Responsibilities in the pipeline

Two models — ChatOpenAI generates; OpenAIEmbeddings embeds. Mixing those roles causes confusion about who retrieves vs who answers.

Document — pageContent is what gets embedded and injected; metadata (source, category, version) powers traceability, filtering, and citations.

MemoryVectorStore.fromDocuments — embeds and links vectors to text. The KB becomes a semantic index, not a flat file list.

asRetriever({ k: 2 }) — returns top matches. Too few chunks starve the model; too many add noise, cost, and drift. Tuning k is part of RAG design.

Retrieve before generate — retriever.invoke(question) then structured context in the prompt. Without that step, the model only has parametric knowledge.

Prompt constraints — “use sources,” “admit ignorance,” “be actionable” reduce confident fabrication even when retrieval is right.

What you should see

Hits should favor VPN / remote-access chunks, not PTO or expenses. The answer should cite your policies, not generic internet advice.
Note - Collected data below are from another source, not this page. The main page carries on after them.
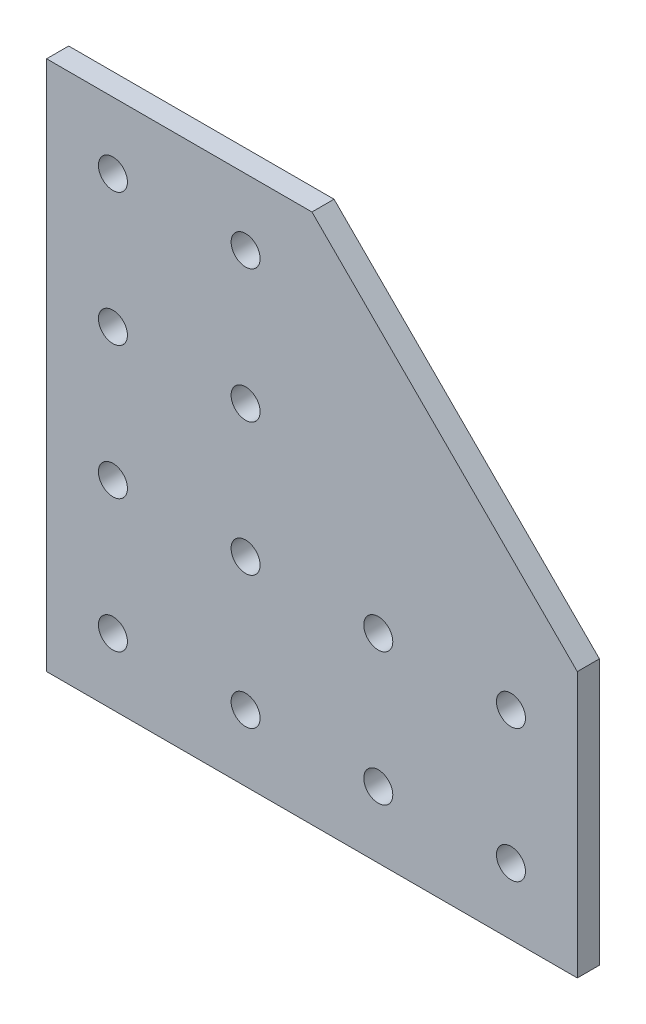
SolidWorks part; units mm, degrees
material "6061 Alloy"
ref_plane "Front Plane" through (0, 0, 0) normal (0, 0, 1) x (1, 0, 0)
ref_plane "Top Plane" through (0, 0, 0) normal (0, 1, 0) x (1, 0, 0)
ref_plane "Right Plane" through (0, 0, 0) normal (1, 0, 0) x (0, 0, -1)
sketch "Sketch1" plane through (0, 0, 0) normal (0, 0, 1) x (1, 0, 0)
  line L0 (0, 0) -> (0, 152.4)
  line L1 (19.05, 19.05) -> (57.15, 19.05) construction
  line L2 (57.15, 19.05) -> (95.25, 19.05) construction
  line L3 (19.05, 19.05) -> (19.05, 57.15) construction
  line L4 (152.4, 76.2) -> (76.2, 152.4)
  line L5 (152.4, 0) -> (0, 0)
  line L6 (19.05, 57.15) -> (19.05, 95.25) construction
  line L7 (152.4, 76.2) -> (152.4, 0)
  line L8 (0, 152.4) -> (76.2, 152.4)
  line L9 (95.25, 19.05) -> (133.35, 19.05) construction
  line L10 (133.35, 19.05) -> (133.35, 57.15) construction
  line L11 (133.35, 57.15) -> (95.25, 57.15) construction
  line L12 (95.25, 57.15) -> (95.25, 19.05) construction
  line L13 (95.25, 57.15) -> (57.15, 57.15) construction
  line L14 (57.15, 57.15) -> (57.15, 19.05) construction
  line L15 (57.15, 57.15) -> (19.05, 57.15) construction
  line L16 (19.05, 95.25) -> (19.05, 133.35) construction
  line L17 (19.05, 133.35) -> (57.15, 133.35) construction
  line L18 (57.15, 133.35) -> (57.15, 95.25) construction
  line L19 (57.15, 95.25) -> (57.15, 57.15) construction
  line L20 (57.15, 95.25) -> (19.05, 95.25) construction
  circle A0 centre (19.05, 19.05) radius 4.1656
  circle A1 centre (57.15, 19.05) radius 4.1656
  circle A2 centre (95.25, 19.05) radius 4.1656
  circle A3 centre (19.05, 57.15) radius 4.1656
  circle A4 centre (19.05, 95.25) radius 4.1656
  circle A5 centre (133.35, 19.05) radius 4.1656
  circle A6 centre (133.35, 57.15) radius 4.1656
  circle A7 centre (95.25, 57.15) radius 4.1656
  circle A8 centre (57.15, 57.15) radius 4.1656
  circle A9 centre (19.05, 133.35) radius 4.1656
  circle A10 centre (57.15, 133.35) radius 4.1656
  circle A11 centre (57.15, 95.25) radius 4.1656
  dimension "D1" = 38.1
  dimension "E" = 8.3312
  dimension "D2" = 19.05
  dimension "C" = 76.2
  dimension "D3" = 19.05
  dimension "B" = 152.4
extrude "Boss-Extrude1" add sketch "Sketch1" along normal mid plane 6.35

This is not production RAG yet

You still need chunking strategy, persistent vector stores, hybrid search + rerank, evaluation (recall, groundedness), and ops. “Documents are in the vector DB” is the starting line, not the finish.

Common confusions

RAG ≠ vector database — the DB is one piece of the retrieval layer.
Embeddings do not answer — they only enable search.
Good retrieval ≠ guaranteed correct answer — generation constraints still matter.
Keywords are not dead — SKUs, error codes, and exact IDs often need keyword or hybrid retrieval.

Engineering takeaway

RAG is an external, updatable, traceable knowledge layer around the LLM:

LLM — language
Embeddings — semantic coordinates
Vector store — nearest-neighbor search
Retriever — recall interface
Prompt — inject evidence into generation

Summary

RAG is about grounded answers, not longer answers. Semantic retrieval needs embeddings and a vector store; the retriever feeds the LLM evidence. Once you understand why vectorization exists and how retrieval joins generation, chunking, reranking, hybrid search, and agentic retrieval become the natural next steps.